The above embodiments are intended to illustrate the substantial content of the present invention, but do not limit the scope of the present invention. A person skilled in the art should understand that the technical solutions of the present invention may be modified or equivalently substituted without departing from the spirit and scope of the technical solutions of the present invention.

Claims (10)

1. A group of metabolic markers for the diagnosis of coronary atherosclerosis and stable angina pectoris, characterized by comprising one or more metabolic markers as described below: glutathione, beta-hydroxybutyrate, guanidine Amino acid, fumaric acid, phenylalanine, lactic acid.
2. The metabolic marker population for diagnosing coronary atherosclerosis and stable angina pectoris according to claim 1, comprising any two of said metabolic markers.
3. The metabolic marker population for diagnosing coronary atherosclerosis and stable angina pectoris according to claim 1, comprising any three of said metabolic markers.
4. The metabolic marker population for diagnosing coronary atherosclerosis and stable angina pectoris according to claim 1, comprising any four of said metabolic markers.
5. The metabolic marker population for diagnosing coronary atherosclerosis and stable angina pectoris according to claim 1, comprising any five of said metabolic markers.
6. The metabolic marker population for diagnosing coronary atherosclerosis and stable angina pectoris according to claim 1, comprising all six of said metabolic markers.
7. The metabolic marker group for diagnosing coronary atherosclerosis and stable angina pectoris according to any one of claims 1 to 6, wherein the metabolic marker is a plasma metabolic marker.
8. A method for qualitatively or quantitatively analyzing a metabolic marker population for diagnosing coronary atherosclerosis and stable angina pectoris according to any one of claims 1 to 6, characterized in that: LC/MS and/or temperament are employed. The metabolic markers are qualitatively or quantitatively analyzed in combination.
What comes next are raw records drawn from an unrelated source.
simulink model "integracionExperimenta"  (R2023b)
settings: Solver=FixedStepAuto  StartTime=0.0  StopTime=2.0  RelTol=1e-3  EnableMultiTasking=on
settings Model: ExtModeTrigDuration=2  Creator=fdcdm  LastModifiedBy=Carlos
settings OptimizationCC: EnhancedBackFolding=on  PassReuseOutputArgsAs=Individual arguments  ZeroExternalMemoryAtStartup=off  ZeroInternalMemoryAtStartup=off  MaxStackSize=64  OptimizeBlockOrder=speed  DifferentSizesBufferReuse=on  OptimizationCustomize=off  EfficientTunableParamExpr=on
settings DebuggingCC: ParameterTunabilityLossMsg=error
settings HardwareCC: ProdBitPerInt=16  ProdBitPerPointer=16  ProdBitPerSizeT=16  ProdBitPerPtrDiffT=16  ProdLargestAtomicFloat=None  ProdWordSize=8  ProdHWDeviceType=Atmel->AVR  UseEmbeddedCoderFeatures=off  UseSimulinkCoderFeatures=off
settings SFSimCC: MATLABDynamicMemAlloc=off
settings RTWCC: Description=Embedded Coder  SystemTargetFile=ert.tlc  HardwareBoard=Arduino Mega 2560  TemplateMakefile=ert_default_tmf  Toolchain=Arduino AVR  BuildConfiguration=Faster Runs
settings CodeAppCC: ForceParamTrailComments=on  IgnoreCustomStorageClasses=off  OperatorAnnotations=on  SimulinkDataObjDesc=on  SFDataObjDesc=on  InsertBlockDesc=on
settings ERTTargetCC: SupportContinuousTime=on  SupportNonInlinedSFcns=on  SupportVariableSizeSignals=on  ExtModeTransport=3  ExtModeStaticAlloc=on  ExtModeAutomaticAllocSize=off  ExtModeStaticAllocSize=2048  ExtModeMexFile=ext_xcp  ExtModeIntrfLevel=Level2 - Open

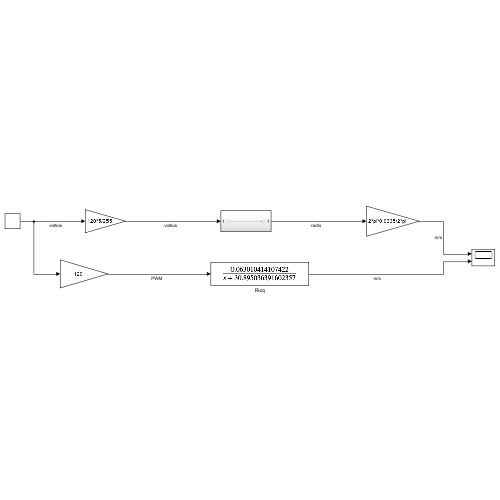
[thumbnail: Simulink's stored preview of the top-level diagram]
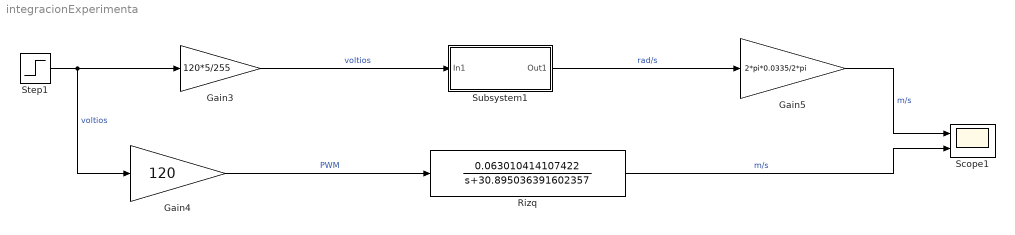
== system integracionExperimenta ==
  Gain3 : Gain  Gain=120*5/255
  Gain4 : Gain  Gain=120
  Gain5 : Gain  Gain=2*pi*0.0335/2*pi
  Rizq : TransferFcn  Numerator=0.063010414107422  Denominator=[1,30.895036391602357]
  Scope1 : Scope  NumInputPorts=2
  Step1 : Step  SampleTime=0
  Subsystem1 : Subsystem
  wires:
  Subsystem1/1(Out1) -> Gain5/1  "rad/s"
  Gain5/1 -> Scope1/1  "m/s"
  Step1/1 -> Gain4/1, Gain3/1  "voltios"
  Gain3/1 -> Subsystem1/1(In1)  "voltios"
  Rizq/1 -> Scope1/2  "m/s"
  Gain4/1 -> Rizq/1  "PWM"

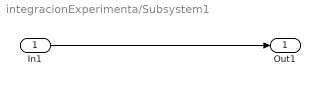
== system integracionExperimenta/Subsystem1 ==
  In1 : Inport
  Out1 : Outport
  wires:
  In1/1 -> Out1/1

9. A test kit for diagnosing coronary atherosclerosis and stable angina pectoris, comprising the standard of the metabolic marker group according to any one of claims 1 to 6, wherein the standard is each metabolism A chemical monomer or mixture of markers.
10. The test kit according to claim 9, further comprising a solvent that dissolves the standard and/or a solvent that extracts the metabolic marker.